Developers build foundations for global growth
Property companies home in on lucrative deals amid slowdown
Chinese property developers are increasingly looking overseas for opportunities created by the global economic slowdown.
China Vanke, the country's largest real estate developer by market value, has teamed up with the US real estate firm Tishman Speyer Properties to develop a key site in San Francisco, Vanke confirmed this week.
The move marked the developer's first venture into the US market.
Details of the deal will be released on Friday, the company said.
The deal came after Vanke set up a research team last year to examine development prospects in the US.
The company's global strategy will be boosted after it announced a plan to move trading of its non-renminbi shares to Hong Kong last month.
Also last month, the Shenzhen-based developer joined hands with New World Development to purchase a residential site in Hong Kong for HK$3.4 billion ($439 million), its first project outside the Chinese mainland.
"After 30 years of development, our go-global strategy is ready to be implemented. And access to an open international capital market is necessary for such a strategy," said Tan Huajie, Vanke's board secretary.
Qin Xiaomei, director at the strategic consulting department of Jones Lang LaSalle Beijing, an international real estate service provider, said: "It is just the beginning of Chinese property developers going global."
Other Chinese real estate companies have made inroads into overseas markets.
Guangzhou-based Country Garden, which trades its shares in Hong Kong, set up a joint venture with Malaysian real estate firm Mayland in 2011 to develop two residential projects, taking a 55 percent stake. This was foll-owed by Country Garden's development of a commercial complex in Malaysia last year.
These projects, targeting local as well as Chinese buyers, will open for sale this year.
"We are also on the lookout for quality land parcels overseas. If there are appropriate opportunities, we will not miss them," one of the company's executives, who requested anonymity, said.
Beijing Capital Land signed an agreement last year to purchase a land parcel in France on which it plans to establish a Sino-French economic zone.
Wanda Group, the country's largest commercial property developer, has revealed plans to invest $10 billion in the US over the next decade, particularly in hotels, retail and commercial properties.
Developers are following the trail of Chinese buyers of overseas properties, Qin, from Jones Lang LaSalle Beijing, said.
"But a number of institutions are also finding opportunities overseas amid the global economic slowdown."
Chinese make up the largest group of overseas buyers in the US property market, accounting for 11 percent of sales, Wang Shi, Vanke's chairman, said on his micro blog.
Qin added that Chinese buyers have been encouraged by the appreciation of the yuan and the government's tough real estate policies at home to invest in properties overseas.

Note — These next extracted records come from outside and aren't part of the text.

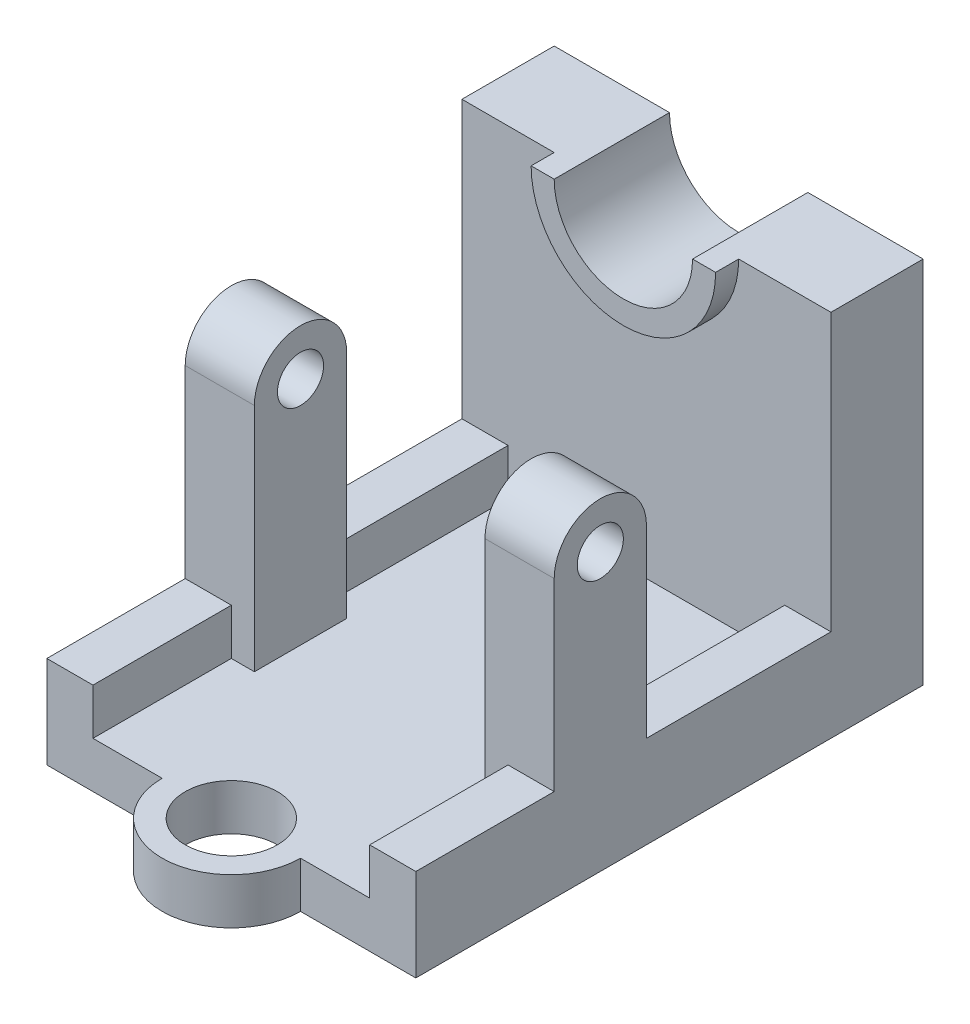
ISO-10303-21;
HEADER;
FILE_DESCRIPTION(('STEP AP214'),'2;1');
FILE_NAME('part.step','',(''),(''),'','','');
FILE_SCHEMA(('AUTOMOTIVE_DESIGN { 1 0 10303 214 1 1 1 1 }'));
ENDSEC;
DATA;
#1=APPLICATION_CONTEXT('core data for automotive mechanical design processes');
#2=APPLICATION_PROTOCOL_DEFINITION('international standard','automotive_design',2000,#1);
#3=PRODUCT_CONTEXT('',#1,'mechanical');
#4=PRODUCT('Part','Part','',(#3));
#5=PRODUCT_RELATED_PRODUCT_CATEGORY('part','',(#4));
#6=PRODUCT_DEFINITION_FORMATION('','',#4);
#7=PRODUCT_DEFINITION_CONTEXT('part definition',#1,'design');
#8=PRODUCT_DEFINITION('design','',#6,#7);
#9=PRODUCT_DEFINITION_SHAPE('','',#8);
#10=(LENGTH_UNIT() NAMED_UNIT(*) SI_UNIT(.MILLI.,.METRE.));
#11=(NAMED_UNIT(*) PLANE_ANGLE_UNIT() SI_UNIT($,.RADIAN.));
#12=(NAMED_UNIT(*) SI_UNIT($,.STERADIAN.) SOLID_ANGLE_UNIT());
#13=UNCERTAINTY_MEASURE_WITH_UNIT(LENGTH_MEASURE(1.E-05),#10,'distance_accuracy_value','');
#14=(GEOMETRIC_REPRESENTATION_CONTEXT(3) GLOBAL_UNCERTAINTY_ASSIGNED_CONTEXT((#13)) GLOBAL_UNIT_ASSIGNED_CONTEXT((#10,
#11,#12)) REPRESENTATION_CONTEXT('',''));
#15=CARTESIAN_POINT('',(0.,0.,0.));
#16=DIRECTION('',(0.,0.,1.));
#17=DIRECTION('',(1.,0.,0.));
#18=AXIS2_PLACEMENT_3D('',#15,#16,#17);
#19=CARTESIAN_POINT('',(-40.,20.,110.));
#20=DIRECTION('',(0.,-1.,0.));
#21=DIRECTION('',(0.,0.,-1.));
#22=AXIS2_PLACEMENT_3D('',#19,#20,#21);
#23=PLANE('',#22);
#24=DIRECTION('',(0.,0.,-1.));
#25=VECTOR('',#24,1.);
#26=CARTESIAN_POINT('',(-40.,20.,110.));
#27=LINE('',#26,#25);
#28=CARTESIAN_POINT('',(-40.,20.,60.));
#29=VERTEX_POINT('',#28);
#30=CARTESIAN_POINT('',(-40.,20.,20.));
#31=VERTEX_POINT('',#30);
#32=EDGE_CURVE('E500',#29,#31,#27,.T.);
#33=ORIENTED_EDGE('',*,*,#32,.F.);
#34=DIRECTION('',(1.,0.,0.));
#35=VECTOR('',#34,1.);
#36=CARTESIAN_POINT('',(-40.,20.,60.));
#37=LINE('',#36,#35);
#38=CARTESIAN_POINT('',(-30.,20.,60.));
#39=VERTEX_POINT('',#38);
#40=EDGE_CURVE('E287',#29,#39,#37,.T.);
#41=ORIENTED_EDGE('',*,*,#40,.T.);
#42=DIRECTION('',(0.,0.,-1.));
#43=VECTOR('',#42,1.);
#44=CARTESIAN_POINT('',(-30.,20.,110.));
#45=LINE('',#44,#43);
#46=CARTESIAN_POINT('',(-30.,20.,20.));
#47=VERTEX_POINT('',#46);
#48=EDGE_CURVE('E460',#39,#47,#45,.T.);
#49=ORIENTED_EDGE('',*,*,#48,.T.);
#50=DIRECTION('',(-1.,0.,0.));
#51=VECTOR('',#50,1.);
#52=CARTESIAN_POINT('',(-40.,20.,20.));
#53=LINE('',#52,#51);
#54=EDGE_CURVE('E427',#47,#31,#53,.T.);
#55=ORIENTED_EDGE('',*,*,#54,.T.);
#56=EDGE_LOOP('',(#33,#41,#49,#55));
#57=FACE_BOUND('',#56,.T.);
#58=ADVANCED_FACE('F45',(#57),#23,.F.);
#59=CARTESIAN_POINT('',(-30.,20.,110.));
#60=DIRECTION('',(-1.,0.,0.));
#61=DIRECTION('',(0.,-1.,0.));
#62=AXIS2_PLACEMENT_3D('',#59,#60,#61);
#63=PLANE('',#62);
#64=ORIENTED_EDGE('',*,*,#48,.F.);
#65=DIRECTION('',(0.,-1.,0.));
#66=VECTOR('',#65,1.);
#67=CARTESIAN_POINT('',(-30.,20.,60.));
#68=LINE('',#67,#66);
#69=CARTESIAN_POINT('',(-30.,10.,60.));
#70=VERTEX_POINT('',#69);
#71=EDGE_CURVE('E54',#39,#70,#68,.T.);
#72=ORIENTED_EDGE('',*,*,#71,.T.);
#73=DIRECTION('',(0.,0.,-1.));
#74=VECTOR('',#73,1.);
#75=CARTESIAN_POINT('',(-30.,10.,110.));
#76=LINE('',#75,#74);
#77=CARTESIAN_POINT('',(-30.,10.,20.));
#78=VERTEX_POINT('',#77);
#79=EDGE_CURVE('E475',#70,#78,#76,.T.);
#80=ORIENTED_EDGE('',*,*,#79,.T.);
#81=DIRECTION('',(0.,1.,0.));
#82=VECTOR('',#81,1.);
#83=CARTESIAN_POINT('',(-30.,20.,20.));
#84=LINE('',#83,#82);
#85=EDGE_CURVE('E503',#78,#47,#84,.T.);
#86=ORIENTED_EDGE('',*,*,#85,.T.);
#87=EDGE_LOOP('',(#64,#72,#80,#86));
#88=FACE_BOUND('',#87,.T.);
#89=ADVANCED_FACE('F530',(#88),#63,.F.);
#90=CARTESIAN_POINT('',(40.,20.,110.));
#91=DIRECTION('',(0.,-1.,0.));
#92=DIRECTION('',(0.,0.,-1.));
#93=AXIS2_PLACEMENT_3D('',#90,#91,#92);
#94=PLANE('',#93);
#95=DIRECTION('',(0.,0.,-1.));
#96=VECTOR('',#95,1.);
#97=CARTESIAN_POINT('',(30.,20.,110.));
#98=LINE('',#97,#96);
#99=CARTESIAN_POINT('',(30.,20.,60.));
#100=VERTEX_POINT('',#99);
#101=CARTESIAN_POINT('',(30.,20.,20.));
#102=VERTEX_POINT('',#101);
#103=EDGE_CURVE('E485',#100,#102,#98,.T.);
#104=ORIENTED_EDGE('',*,*,#103,.F.);
#105=DIRECTION('',(1.,0.,0.));
#106=VECTOR('',#105,1.);
#107=CARTESIAN_POINT('',(40.,20.,60.));
#108=LINE('',#107,#106);
#109=CARTESIAN_POINT('',(40.,20.,60.));
#110=VERTEX_POINT('',#109);
#111=EDGE_CURVE('E69',#100,#110,#108,.T.);
#112=ORIENTED_EDGE('',*,*,#111,.T.);
#113=DIRECTION('',(0.,0.,-1.));
#114=VECTOR('',#113,1.);
#115=CARTESIAN_POINT('',(40.,20.,110.));
#116=LINE('',#115,#114);
#117=CARTESIAN_POINT('',(40.,20.,20.));
#118=VERTEX_POINT('',#117);
#119=EDGE_CURVE('E490',#110,#118,#116,.T.);
#120=ORIENTED_EDGE('',*,*,#119,.T.);
#121=DIRECTION('',(-1.,0.,0.));
#122=VECTOR('',#121,1.);
#123=CARTESIAN_POINT('',(40.,20.,20.));
#124=LINE('',#123,#122);
#125=EDGE_CURVE('E423',#118,#102,#124,.T.);
#126=ORIENTED_EDGE('',*,*,#125,.T.);
#127=EDGE_LOOP('',(#104,#112,#120,#126));
#128=FACE_BOUND('',#127,.T.);
#129=ADVANCED_FACE('F630',(#128),#94,.F.);
#130=CARTESIAN_POINT('',(30.,20.,110.));
#131=DIRECTION('',(1.,0.,0.));
#132=DIRECTION('',(0.,1.,0.));
#133=AXIS2_PLACEMENT_3D('',#130,#131,#132);
#134=PLANE('',#133);
#135=DIRECTION('',(0.,0.,-1.));
#136=VECTOR('',#135,1.);
#137=CARTESIAN_POINT('',(30.,10.,110.));
#138=LINE('',#137,#136);
#139=CARTESIAN_POINT('',(30.,10.,60.));
#140=VERTEX_POINT('',#139);
#141=CARTESIAN_POINT('',(30.,10.,20.));
#142=VERTEX_POINT('',#141);
#143=EDGE_CURVE('E480',#140,#142,#138,.T.);
#144=ORIENTED_EDGE('',*,*,#143,.F.);
#145=DIRECTION('',(0.,1.,0.));
#146=VECTOR('',#145,1.);
#147=CARTESIAN_POINT('',(30.,20.,60.));
#148=LINE('',#147,#146);
#149=EDGE_CURVE('E334',#140,#100,#148,.T.);
#150=ORIENTED_EDGE('',*,*,#149,.T.);
#151=ORIENTED_EDGE('',*,*,#103,.T.);
#152=DIRECTION('',(0.,-1.,0.));
#153=VECTOR('',#152,1.);
#154=CARTESIAN_POINT('',(30.,20.,20.));
#155=LINE('',#154,#153);
#156=EDGE_CURVE('E419',#102,#142,#155,.T.);
#157=ORIENTED_EDGE('',*,*,#156,.T.);
#158=EDGE_LOOP('',(#144,#150,#151,#157));
#159=FACE_BOUND('',#158,.T.);
#160=ADVANCED_FACE('F629',(#159),#134,.F.);
#161=CARTESIAN_POINT('',(0.,0.,110.));
#162=DIRECTION('',(0.,0.,-1.));
#163=DIRECTION('',(-1.,0.,0.));
#164=AXIS2_PLACEMENT_3D('',#161,#162,#163);
#165=PLANE('',#164);
#166=DIRECTION('',(1.,0.,0.));
#167=VECTOR('',#166,1.);
#168=CARTESIAN_POINT('',(-40.,0.,110.));
#169=LINE('',#168,#167);
#170=CARTESIAN_POINT('',(-40.,0.,110.));
#171=VERTEX_POINT('',#170);
#172=CARTESIAN_POINT('',(-15.,0.,110.));
#173=VERTEX_POINT('',#172);
#174=EDGE_CURVE('E441',#171,#173,#169,.T.);
#175=ORIENTED_EDGE('',*,*,#174,.T.);
#176=DIRECTION('',(0.,1.,0.));
#177=VECTOR('',#176,1.);
#178=CARTESIAN_POINT('',(-15.,-33.5410196624969,110.));
#179=LINE('',#178,#177);
#180=CARTESIAN_POINT('',(-15.,10.,110.));
#181=VERTEX_POINT('',#180);
#182=EDGE_CURVE('E353',#173,#181,#179,.T.);
#183=ORIENTED_EDGE('',*,*,#182,.T.);
#184=DIRECTION('',(-1.,0.,0.));
#185=VECTOR('',#184,1.);
#186=CARTESIAN_POINT('',(-30.,10.,110.));
#187=LINE('',#186,#185);
#188=CARTESIAN_POINT('',(-30.,10.,110.));
#189=VERTEX_POINT('',#188);
#190=EDGE_CURVE('E453',#181,#189,#187,.T.);
#191=ORIENTED_EDGE('',*,*,#190,.T.);
#192=DIRECTION('',(0.,1.,0.));
#193=VECTOR('',#192,1.);
#194=CARTESIAN_POINT('',(-30.,20.,110.));
#195=LINE('',#194,#193);
#196=CARTESIAN_POINT('',(-30.,20.,110.));
#197=VERTEX_POINT('',#196);
#198=EDGE_CURVE('E457',#189,#197,#195,.T.);
#199=ORIENTED_EDGE('',*,*,#198,.T.);
#200=DIRECTION('',(-1.,0.,0.));
#201=VECTOR('',#200,1.);
#202=CARTESIAN_POINT('',(-40.,20.,110.));
#203=LINE('',#202,#201);
#204=CARTESIAN_POINT('',(-40.,20.,110.));
#205=VERTEX_POINT('',#204);
#206=EDGE_CURVE('E432',#197,#205,#203,.T.);
#207=ORIENTED_EDGE('',*,*,#206,.T.);
#208=DIRECTION('',(0.,-1.,0.));
#209=VECTOR('',#208,1.);
#210=CARTESIAN_POINT('',(-40.,20.,110.));
#211=LINE('',#210,#209);
#212=EDGE_CURVE('E436',#205,#171,#211,.T.);
#213=ORIENTED_EDGE('',*,*,#212,.T.);
#214=EDGE_LOOP('',(#175,#183,#191,#199,#207,#213));
#215=FACE_BOUND('',#214,.T.);
#216=ADVANCED_FACE('F637',(#215),#165,.F.);
#217=CARTESIAN_POINT('',(0.,0.,20.));
#218=DIRECTION('',(0.,0.,1.));
#219=DIRECTION('',(1.,0.,0.));
#220=AXIS2_PLACEMENT_3D('',#217,#218,#219);
#221=PLANE('',#220);
#222=DIRECTION('',(1.,0.,0.));
#223=VECTOR('',#222,1.);
#224=CARTESIAN_POINT('',(40.,80.,20.));
#225=LINE('',#224,#223);
#226=CARTESIAN_POINT('',(20.,80.,20.));
#227=VERTEX_POINT('',#226);
#228=CARTESIAN_POINT('',(40.,80.,20.));
#229=VERTEX_POINT('',#228);
#230=EDGE_CURVE('E399',#227,#229,#225,.T.);
#231=ORIENTED_EDGE('',*,*,#230,.F.);
#232=CARTESIAN_POINT('',(0.,80.,20.));
#233=DIRECTION('',(0.,0.,1.));
#234=DIRECTION('',(1.,0.,0.));
#235=AXIS2_PLACEMENT_3D('',#232,#233,#234);
#236=CIRCLE('',#235,20.);
#237=CARTESIAN_POINT('',(-20.,80.,20.));
#238=VERTEX_POINT('',#237);
#239=EDGE_CURVE('E352',#238,#227,#236,.T.);
#240=ORIENTED_EDGE('',*,*,#239,.F.);
#241=CARTESIAN_POINT('',(-40.,80.,20.));
#242=VERTEX_POINT('',#241);
#243=EDGE_CURVE('E400',#242,#238,#225,.T.);
#244=ORIENTED_EDGE('',*,*,#243,.F.);
#245=DIRECTION('',(0.,1.,0.));
#246=VECTOR('',#245,1.);
#247=CARTESIAN_POINT('',(-40.,0.,20.));
#248=LINE('',#247,#246);
#249=EDGE_CURVE('E395',#31,#242,#248,.T.);
#250=ORIENTED_EDGE('',*,*,#249,.F.);
#251=ORIENTED_EDGE('',*,*,#54,.F.);
#252=ORIENTED_EDGE('',*,*,#85,.F.);
#253=DIRECTION('',(-1.,0.,0.));
#254=VECTOR('',#253,1.);
#255=CARTESIAN_POINT('',(-30.,10.,20.));
#256=LINE('',#255,#254);
#257=EDGE_CURVE('E412',#142,#78,#256,.T.);
#258=ORIENTED_EDGE('',*,*,#257,.F.);
#259=ORIENTED_EDGE('',*,*,#156,.F.);
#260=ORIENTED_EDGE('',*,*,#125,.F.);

"We have noticed a growing enthusiasm among Chinese investors to buy overseas real estate, and the UK and the US are their favorite markets."
Meanwhile, institutional investors from China are also active in examining overseas opportunities.
China Investment Corp, the country's sovereign wealth fund, is reportedly one of a trio of Asian investors vying to buy an 800 million pounds ($1.3 billion) office complex in London. The Financial Times, citing unnamed sources, said the deal would be the most expensive property deal in the UK since the start of the financial crisis in 2008.
"A number of real estate funds and property developers have contacted us seeking bargain projects overseas," said Zhang Ping, head of research in Beijing for the international real estate service provider Cushman & Wakefield.
According to Zhang, compared with international competitors, Chinese property investors are sometimes a bit slow in the decision-making process, and as a result have missed some good prospects.
"In some cases they are still unfamiliar with the legal and investment environment in target countries, but generally I think they are still a bit conservative."